Tractor christening highlights opening of new farm
KENNESAW, Ga. (Sept. 24, 2013) — Edible centerpieces and a three-course farm harvest…
Georgia (Sep 24, 2013) —
KENNESAW, Ga. (Sept. 24, 2013) — Edible centerpieces and a three-course farm harvest dinner highlighted the grand opening of Hickory Grove Farm, the latest addition to Kennesaw State University’s award-winning farm-to-campus program, on Saturday.
Among the dinner offerings enjoyed by 75 guests inside one of the property’s greenhouses were chilled roasted heirloom tomato soup, a roasted baby beet and arugula salad, rosemary and KSU Honey roasted leg of lamb, Georgia shrimp and KSU Grits and Krispy Kreme Doughnut Bread Pudding.
“It was truly a night to remember,” said Gary Coltek, director of Culinary and Hospitality Services. “Anytime we are able to showcase our farm-to-campus program, and at the same time educate people about sustainable practices in food service, it’s a wonderful opportunity for us.
The Hickory Grove Farm property consists of 25 acres, 15 of which are cleared for planting, and two greenhouses. The farm will produce Swiss chard, broccoli, cauliflower, green cabbage, red cabbage, collards, squash, zucchini, sunflowers, marigolds, beans, hydroponic tomatoes, all colors of bell peppers, cucumbers and farm-fresh eggs. Only non-genetically modified varieties are cultivated, using natural methods of soil preparation, pest control and fertilization.
“On this farm we have 60 free-range chickens that will produce more than 300 organic eggs a week for use in recipes in The Commons,” Coltek said. “The farm is truly for our students. Not only will it provide produce to serve in The Commons, it will also serve as a classroom for multiple programs on campus.”
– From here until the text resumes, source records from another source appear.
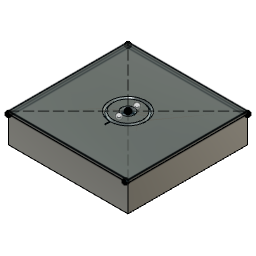
TopCover v3 (Autodesk Fusion 360 design; units mm, degrees)
Autodesk Fusion 360 part; units mm, degrees
sketch "Sketch1" plane through (0, 0, 0) normal (0, 0, 1) x (1, 0, 0)
cylinder "CylinderPrimitive1" add diameter 42 height 2 placed x (1, 0, 0) y (0, 1, 0) z (0, 0, 1) at (0, 0, 0) makes body 1
cylinder "CylinderPrimitive2" add diameter 42 height 15 placed x (1, 0, 0) y (0, 1, 0) z (0, 0, 1) at (0, 0, 2) bodies 1
hole "Hole1" at (0, 0, 17) direction (0, 0, -1) diameter 40.35 depth 15 tip angle 180 bodies 1
cylinder "CylinderPrimitive3" add diameter 36.6 height 20 placed x (1, 0, 0) y (0, 1, 0) z (0, 0, 1) at (0, 0, 0) bodies 1
hole "Hole2" at (0, 0, 20) direction (0, 0, -1) diameter 34 depth 20 tip angle 180 bodies 1
copy_body "Body->Comp1" bodies 1 removing the originals makes body 2 in component "Component"
sketch "Sketch1 (2)" plane through (0, 0, 0) normal (0, 0, 1) x (1, 0, 0) in component "TopCover"
  line L0 (-73.5, -73.5) -> (73.5, -73.5)
  line L1 (73.5, -73.5) -> (73.5, 73.5)
  line L2 (73.5, 73.5) -> (-73.5, 73.5)
  line L3 (-73.5, 73.5) -> (-73.5, -73.5)
  line L4 (-73.5, -73.5) -> (73.5, 73.5) construction
  line L5 (73.5, -73.5) -> (-73.5, 73.5) construction
  dimension "d13" = 147
  dimension "d14" = 147
  constraint horizontal L0
  constraint perpendicular L0 L1
  constraint parallel L0 L2
  constraint parallel L1 L3
  constraint coincident L4 origin
  constraint coincident L5 origin
  measures "d13" distance of L1.end L2.end
  measures "d14" distance of L0.end L1.end
extrude "Extrude1" add sketch "Sketch1 (2)" against normal blind 3 separate body makes body 3 in component "TopCover"
sketch "Sketch2" plane through (0, 0, -3) normal (0, 0, -1) x (1, 0, 0) in component "TopCover"
  line L0 (-73.5, 73.5) -> (-73.5, -73.5)
  line L1 (-73.5, -73.5) -> (73.5, -73.5)
  line L2 (73.5, -73.5) -> (73.5, 73.5)
  line L3 (73.5, 73.5) -> (-73.5, 73.5)
  line L4 (73.5, -73.5) -> (70.5, -73.5)
  line L5 (70.5, -73.5) -> (70.5, 73.5)
  line L6 (70.5, 73.5) -> (73.5, 73.5)
  line L7 (73.5, 73.5) -> (73.5, -73.5)
  line L8 (-73.5, -73.5) -> (-70.5, -73.5)
  line L9 (-70.5, -73.5) -> (-70.5, 73.5)
  line L10 (-70.5, 73.5) -> (-73.5, 73.5)
  line L11 (-73.5, 73.5) -> (-73.5, -73.5)
  line L12 (-70.5, 73.5) -> (70.5, 73.5)
  line L13 (70.5, 73.5) -> (70.5, 70.5)
  line L14 (70.5, 70.5) -> (-70.5, 70.5)
  line L15 (-70.5, 70.5) -> (-70.5, 73.5)
  line L16 (-70.5, -73.5) -> (70.5, -73.5)
  line L17 (70.5, -73.5) -> (70.5, -70.5)
  line L18 (70.5, -70.5) -> (-70.5, -70.5)
  line L19 (-70.5, -70.5) -> (-70.5, -73.5)
  dimension "d17" = 3
  dimension "d18" = 3
  dimension "d23" = 3
  dimension "d24" = 3
  constraint horizontal L4
  constraint vertical L5
  constraint horizontal L6
  constraint vertical L7
  constraint coincident L1.end L2.start
  constraint horizontal L8
  constraint vertical L9
  constraint horizontal L10
  constraint vertical L11
  constraint coincident L0.end L1.start
  constraint coincident L0.start L3.end
  constraint coincident L3 L5.end
  constraint horizontal L12
  constraint vertical L13
  constraint horizontal L14
  constraint vertical L15
  constraint horizontal L16
  constraint vertical L17
  constraint horizontal L18
  constraint vertical L19
  constraint coincident L5 L17.end
  measures "d17" distance of L1.end L4.end
  measures "d18" distance of L0.end L8.end
  measures "d23" distance of L9.end L14.end
  measures "d24" distance of L8.end L18.end
extrude "Extrude2" add sketch "Sketch2" along normal blind 33 contours L0 L1 L3 L8 L9 L10 L11 L15 L19 bodies 3 in component "TopCover"
extrude "Extrude3" add sketch "Sketch2" along normal blind 33 contours L1 L2 L3 L4 L5 L6 L7 L13 L17 bodies 3 in component "TopCover"
extrude "Extrude4" add sketch "Sketch2" along normal blind 33 contours L3 L5 L9 L12 L13 L14 L15 bodies 3 in component "TopCover"
extrude "Extrude5" add sketch "Sketch2" along normal blind 33 contours L1 L5 L9 L16 L17 L18 L19 bodies 3 in component "TopCover"
sketch "Sketch3" plane through (0, 0, -3) normal (0, 0, -1) x (1, 0, 0) in component "TopCover"
  arc A0 (70.5, 70.5) -> (70.5, -70.5) centre (111.6111, 0) ccw
  arc A1 (70.5, -70.5) -> (-70.5, -70.5) centre (0, -112.7814) ccw
  arc A2 (-70.5, -70.5) -> (-70.5, 70.5) centre (-108.5568, 0) ccw
  arc A3 (-70.5, 70.5) -> (70.5, 70.5) centre (0, 111.6111) ccw
  line L0 (-52.8048, 57.5351) -> (-28.4354, 35.114)
  line L1 (53.8282, 57.6325) -> (28.4354, 35.114)
  line L2 (57.9865, 54.1834) -> (35.714, 30)
  line L3 (57.4361, -53.9676) -> (35.714, -30)
  line L4 (54.138, -57.9415) -> (30.4205, -36.4102)
  line L5 (-55.1072, -59.6801) -> (-28.1638, -35.5495)
  line L6 (-56.0257, -52.6225) -> (-34.3817, -30.2758)
  line L7 (-55.8235, 52.0787) -> (-34.2733, 30.0088)
  point P0 (-70.5, 70.5)
  point P1 (70.5, 70.5)
  point P2 (70.5, -70.5)
  point P3 (-70.5, -70.5)
  constraint coincident A0.start A3.end
  constraint coincident P2 A0.end
  constraint coincident P3 A1.end
  constraint coincident P0 A2.end
  constraint coincident P1 A0.start
  constraint coincident A2 L0.start
  constraint coincident A3 L0.end
  constraint coincident A0 L1.start
  constraint coincident A3 L1.end
  constraint coincident A3 L2.start
  constraint coincident A0 L2.end
  constraint coincident A1 L3.start
  constraint coincident A0 L3.end
  constraint coincident A0 L4.start
  constraint coincident A1 L4.end
  constraint coincident A2 L5.start
  constraint coincident A1 L5.end
  constraint tangent A2 L5
  constraint coincident A1 L6.start
  constraint coincident A2 L6.end
  constraint coincident A3 L7.start
  constraint coincident A2 L7.end
extrude "Extrude6" add sketch "Sketch3" along normal blind 1 separate body makes body 4 in component "TopCover"
cylinder "CylinderPrimitive1'" add diameter 43 height 16 placed x (0, 1, 0) y (1, 0, 0) z (0, 0, -1) at (0, 0, -3) bodies 4 3 in component "TopCover"
hole "Hole3" at (0, 0, 0) direction (0, 0, -1) diameter 40.35 depth 13 tip angle 180 countersink diameter 44.385 countersink angle 90 bodies 4 in component "TopCover"
cylinder "CylinderPrimitive2'" add diameter 36.6 height -13 placed x (1, 0, 0) y (0, 1, 0) z (0, 0, 1) at (0, 0, 0) separate body makes body 5 in component "TopCover"
hole "Hole4" at (0, 0, -19) direction (0, 0, 1) diameter 30 depth 13 tip angle 180 bodies 4 5 in component "TopCover"
sketch "Sketch4" plane through (0, 0, -3) normal (0, 0, -1) x (1, 0, 0) in component "TopCover"
  line L0 (-55.5, 70.5) -> (-47.5, 70.5)
  line L1 (-47.5, 70.5) -> (-47.5, 66.5)
  line L2 (-47.5, 66.5) -> (-55.5, 66.5)
  line L3 (-55.5, 66.5) -> (-55.5, 70.5)
  line L4 (70.5, 70.5) -> (-70.5, 70.5)
  line L5 (55.5, 70.5) -> (55.5, 66.5)
  line L6 (47.5, 70.5) -> (55.5, 70.5)
  line L7 (47.5, 66.5) -> (47.5, 70.5)
  line L8 (55.5, 66.5) -> (47.5, 66.5)
  line L9 (-55.5, -70.5) -> (-47.5, -70.5)
  line L10 (-47.5, -70.5) -> (-47.5, -66.5)
  line L11 (-47.5, -66.5) -> (-55.5, -66.5)
  line L12 (-55.5, -66.5) -> (-55.5, -70.5)
  line L13 (70.5, -70.5) -> (-70.5, -70.5)
  line L14 (47.5, -70.5) -> (55.5, -70.5)
  line L15 (55.5, -70.5) -> (55.5, -66.5)
  line L16 (55.5, -66.5) -> (47.5, -66.5)
  line L17 (47.5, -66.5) -> (47.5, -70.5)
  line L18 (-70.5, 55.5) -> (-66.5, 55.5)
  line L19 (-66.5, 55.5) -> (-66.5, 47.5)
  line L20 (-66.5, 47.5) -> (-70.5, 47.5)
  line L21 (-70.5, 47.5) -> (-70.5, 55.5)
  line L22 (-70.5, -73.5) -> (-70.5, 73.5)
  line L23 (-70.5, -47.5) -> (-66.5, -47.5)
  line L24 (-66.5, -47.5) -> (-66.5, -55.5)
  line L25 (-66.5, -55.5) -> (-70.5, -55.5)
  line L26 (-70.5, -55.5) -> (-70.5, -47.5)
  line L27 (70.5, 55.5) -> (66.5, 55.5)
  line L28 (66.5, 55.5) -> (66.5, 47.5)
  line L29 (66.5, 47.5) -> (70.5, 47.5)
  line L30 (70.5, 47.5) -> (70.5, 55.5)
  line L31 (70.5, -73.5) -> (70.5, 73.5)
  line L32 (70.5, -47.5) -> (66.5, -47.5)
  line L33 (66.5, -47.5) -> (66.5, -55.5)
  line L34 (66.5, -55.5) -> (70.5, -55.5)
  line L35 (70.5, -55.5) -> (70.5, -47.5)
  dimension "d31" = 8
  dimension "d32" = 4
  dimension "d33" = 8
  dimension "d34" = 4
  dimension "d35" = 15
  dimension "d36" = 15
  dimension "d37" = 8
  dimension "d38" = 4
  dimension "d39" = 8
  dimension "d40" = 4
  dimension "d41" = 4
  dimension "d42" = 8
  dimension "d43" = 4
  dimension "d44" = 8
  dimension "d45" = 4
  dimension "d46" = 8
  dimension "d47" = 4
  dimension "d48" = 8
  dimension "d49" = 15
  dimension "d50" = 15
  dimension "d51" = 15
  dimension "d52" = 15
  dimension "d53" = 15
  dimension "d54" = 15
  constraint horizontal L0
  constraint vertical L1
  constraint horizontal L2
  constraint vertical L3
  constraint coincident L0.start L4
  constraint horizontal L6
  constraint vertical L5
  constraint horizontal L8
  constraint vertical L7
  constraint horizontal L9
  constraint vertical L10
  constraint horizontal L11
  constraint vertical L12
  constraint coincident L9.start L13
  constraint horizontal L14
  constraint vertical L15
  constraint horizontal L16
  constraint vertical L17
  constraint coincident L13 L14.start
  constraint horizontal L18
  constraint vertical L19
  constraint horizontal L20
  constraint vertical L21
  constraint coincident L18.start L22
  constraint horizontal L23
  constraint vertical L24
  constraint horizontal L25
  constraint vertical L26
  constraint coincident L22 L23.start
  constraint horizontal L27
  constraint vertical L28
  constraint horizontal L29
  constraint vertical L30
  constraint coincident L27.start L31
  constraint horizontal L32
  constraint vertical L33
  constraint horizontal L34
  constraint vertical L35
  constraint coincident L31 L32.start
  measures "d31" distance of L0.start L0.end
  measures "d32" distance of L0.start L2.end
  measures "d33" distance of L6.start L5.start
  measures "d34" distance of L7.start L6.start
  measures "d35" distance of L0.start L4.end
  measures "d36" distance of L4.start L5.start
  measures "d37" distance of L9.start L9.end
  measures "d38" distance of L9.start L11.end
  measures "d39" distance of L14.start L14.end
  measures "d40" distance of L14.start L16.end
  measures "d41" distance of L18.start L18.end
  measures "d42" distance of L18.start L20.end
  measures "d43" distance of L23.start L23.end
  measures "d44" distance of L23.start L25.end
  measures "d45" distance of L27.start L27.end
  measures "d46" distance of L27.start L29.end
  measures "d47" distance of L32.start L32.end
  measures "d48" distance of L32.start L34.end
  measures "d49" distance of L4.start L27.start
  measures "d50" distance of L13.start L34.end
  measures "d51" distance of L13.start L14.end
  measures "d52" distance of L9.start L13.end
  measures "d53" distance of L13.end L25.end
  measures "d54" distance of L4.end L18.start
extrude "Extrude7" add sketch "Sketch4" along normal blind 18 contours L0 L1 L2 L3 L4 | L4 L5 L6 L7 L8 | L18 L19 L20 L21 L22 | L22 L23 L24 L25 L26 | L27 L28 L29 L30 L31 | L31 L32 L33 L34 L35 | L9 L10 L11 L12 L13 | L13 L14 L15 L16 L17 bodies 4 in component "TopCover"
hole "Hole1'" at (0, 0, 0) direction (0, 0, -1) diameter 15.5 depth 10 tip angle 180 bodies 5 in component "TopCover"
sketch "Sketch5" plane through (0, 0, 0) normal (0, 0, 1) x (1, 0, 0) in component "TopCover"
  point P0 (0, -11)
  point P1 (0, 11)
  dimension "d60" = 11
  dimension "d61" = 11
  measures "d60" distance of origin P0
  measures "d61" distance of origin P1
hole "Hole2'" at (0, 11, 0) at (0, -11, 0) direction (0, 0, -1) diameter 3 depth 6 tip angle 180 countersink diameter 4 countersink angle 90 bodies 5 in component "TopCover"
sketch "Sketch9" plane through (0, 0, 0) normal (0, 0, 1) x (1, 0, 0) in component "TopCover"
  line L0 (0.5, -22) -> (-0.5, -22)
  line L1 (-0.5, -22) -> (-0.5, -28)
  line L2 (-0.5, -28) -> (0.5, -28)
  line L3 (0.5, -28) -> (0.5, -22)
  line L4 (0.5, -22) -> (-0.5, -28) construction
  line L5 (-0.5, -22) -> (0.5, -28) construction
  point P0 (0, -25)
  dimension "d79" = 1
  dimension "d80" = 6
  constraint horizontal L0
  constraint perpendicular L0 L1
  constraint parallel L0 L2
  constraint parallel L1 L3
  constraint coincident L4 P0
  constraint coincident L5 P0
  measures "d79" distance of L1.end L2.end
  measures "d80" distance of L0.end L1.end
extrude "Extrude8" cut sketch "Sketch9" against normal blind 1 bodies 4 in component "TopCover"
component "TopCover" placed x (1, 0, 0) y (0, 1, 0) z (0, 0, 1) at (0, 0, 0)
component "Component" placed x (1, 0, 0) y (0, 1, 0) z (0, 0, 1) at (0, 0, 0)

The Georgia Department of Transportation gave the Kennesaw property – once used as a GDOT staging area – to the university.
Two days before the ribbon-cutting ceremony and farm harvest dinner at Hickory Grove, The Daily Meal, an online publication dedicated to culinary trends and news, ranked Culinary and Hospitality Services eighth in its “60 Best Colleges for Food in America,” up two spots from last year’s ranking.
“If you needed to describe Kennesaw State University’s dining services in one word, it would be ‘originality,’” the publication stated. “They do everything they can to provide their students with the most exciting dining services possible, and they’re doing a great job.”
The Daily Meal recognition is the latest in a string of awards received by Culinary and Hospitality Services, including the prestigious “Innovator of the Year” award from the National Restaurant Association.Citing its “comprehensive, closed-loop waste management program” and “Farm to Campus to Farm” initiative, this was the first time an educational institution was selected to receive the award. The university also received the “Operator Innovations Award for Sustainability” from the restaurant group.
Beginning in 2011, Kennesaw State was ranked among the top 25 schools for best food by Newsweek. Kennesaw State then joined Stanford and the University of Massachusetts in receiving top honors from the National Association of College and Food Services (NACUFS) for sustainability outreach and education, as well as a prestigious NACUFS Loyal E. Horton Award for its dining hall, The Commons.
The farm-to-campus program was launched in May 2010 with a 2-acre organic farm just outside Cartersville, Ga. The program was expanded in 2011 to include a second 40-acre property with 6,000 square feet of greenhouse space in Ball Ground, Ga. KSU also operates two apiaries at Harmony Hill Organic Farm and Apple Springs Farm. Produce and honey harvested from both farms is served in The Commons year-round.